= Transaction Workflow Innovation Standards Team =

Transaction Workflow Innovation Standards Team (Twist) is a not-for-profit industry standards group. It does not charge anything for involvement. The main goal of Twist is to create non-proprietary XML message standards for the financial services industry. To this end it provides a message format validation service.

Its focus on financial transaction processing covers the aspects of:

- Payments and collections (on invoices to suppliers and from customers)
- Cash management (cash flow, position keeping across accounts and timing)
- Working capital finance (short term investment of spare cash to make gains)
- Wholesale financial market access (raising capital through stocks and bonds)

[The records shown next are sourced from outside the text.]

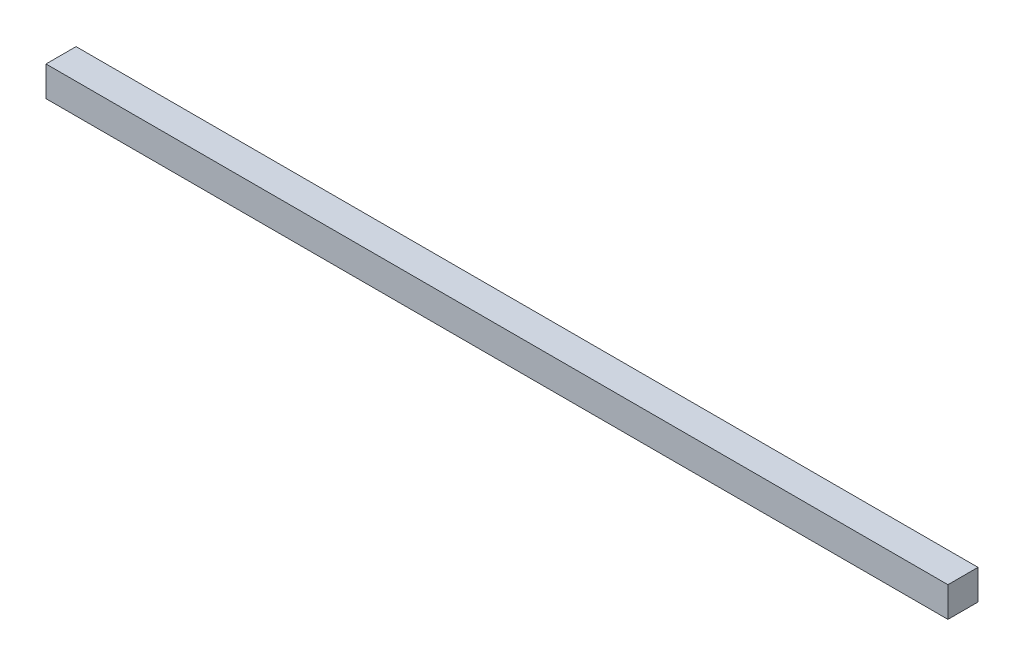
from build123d import *

# Parameters (mm, degrees)
SKETCH1_W           = 25.4
SKETCH1_H           = 25.4
BOSS_EXTRUDE1_DEPTH = 762


with BuildPart() as part:
    # Sketch1 → Boss-Extrude1 (new body)
    with BuildSketch(Plane(origin=(0, 0, 0), x_dir=(0, 0, -1), z_dir=(1, 0, 0))):
        with Locations((12.7, -12.7)):
            Rectangle(SKETCH1_W, SKETCH1_H)
    extrude(amount=BOSS_EXTRUDE1_DEPTH)


solid = part.part
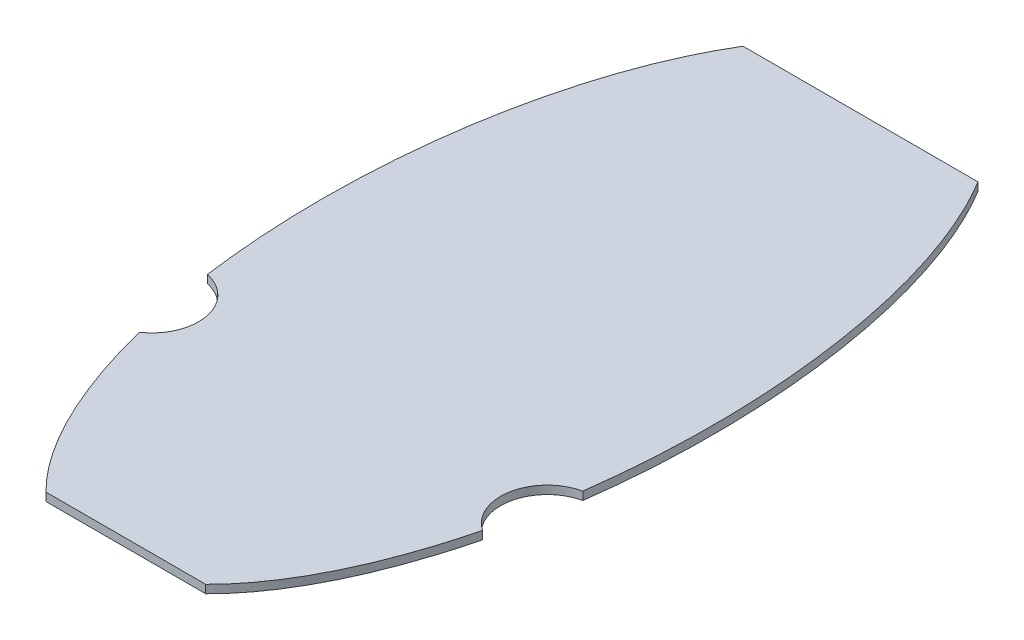
from build123d import *

# Parameters (mm, degrees)
BOSS_EXTRUDE1_DEPTH = 0.5588
SKETCH2_R           = 3.175
CUT_EXTRUDE3_DEPTH  = 30.823202218


with BuildPart() as part:
    # Sketch1 → Boss-Extrude1 (new body)
    with BuildSketch(Plane(origin=(0, 0, 0), x_dir=(1, 0, 0), z_dir=(0, 1, 0))):
        with BuildLine():
            Line((-5.43884297, -26.67), (5.43884297, -26.67))
            add(Edge.make_bspline(
                [(5.43884297, -26.67), (26.133188211, -6.420594918), (8.001, 23.368)],
                knots=[0.420111478, 0.420111478, 0.420111478, 2.498091545, 2.498091545, 2.498091545], degree=2, weights=[1, 0.507090998, 1]))
            Line((8.001, 23.368), (-8.001, 23.368))
            add(Edge.make_bspline(
                [(-8.001, 23.368), (-26.133188211, -6.420594918), (-5.43884297, -26.67)],
                knots=[3.785093762, 3.785093762, 3.785093762, 5.863073829, 5.863073829, 5.863073829], degree=2, weights=[1, 0.507090998, 1]))
        make_face()
    extrude(amount=BOSS_EXTRUDE1_DEPTH)

    # Sketch2 → Cut-Extrude3 (cut, through all)
    with BuildSketch(Plane(origin=(0, 0, 0), x_dir=(1, 0, 0), z_dir=(0, 1, 0))):
        with Locations((-13.462, -11.43)):
            Circle(SKETCH2_R)
        with Locations((13.462, -11.43)):
            Circle(SKETCH2_R)
    extrude(amount=CUT_EXTRUDE3_DEPTH, mode=Mode.SUBTRACT)


solid = part.part

The focus of these combined standards is to create and improve straight-through processing (STP). As any STP system of systems will invariably involve many market participants such standards are essential for success. Twist provides a check-list for ensuring STP is implemented in accordance with its standards. The word ‘standards’ is used rather than protocols as Twist endeavours to also define business process best practices. Such practices are typically implemented in a workflow, or business process management system (BPMS). Considerable emphasis is placed on how to handle exceptions so that as much traffic can be handled automatically with as little as possible going to manual intervention. One major standard introduced by TWIST is the Bank Services Billing Standard (BSB).

==Parties involved==
The leading participant in Twist is Royal Dutch Shell's corporate treasury department, giving the Twist standards a corporate finance perspective rather than a banking one. Participants in Twist are drawn from across the broader banking supply chain and its support industries. A common role for Twist is to channel corporate treasury expertise to software vendors to help them develop the required products. Twist has been adopted in the United Kingdom, Singapore, and the Netherlands, with particular use in the foreign exchange (FX), fixed income (FI), and money markets (MM) asset classes.

==Related standards==
Related XML financial services standard include FIX, FpML and SWIFT XML. Where related financial services message standards exist, such as these XML standards or classic SWIFT, then Twist aims to leverage them and interoperate with them rather than compete. Reuters is working with Twist, as of May 2005, to tie into its FX trading service (known as the RTFX service). Their aim is to deliver real time trade confirmations directly into corporate treasurer’s STP systems.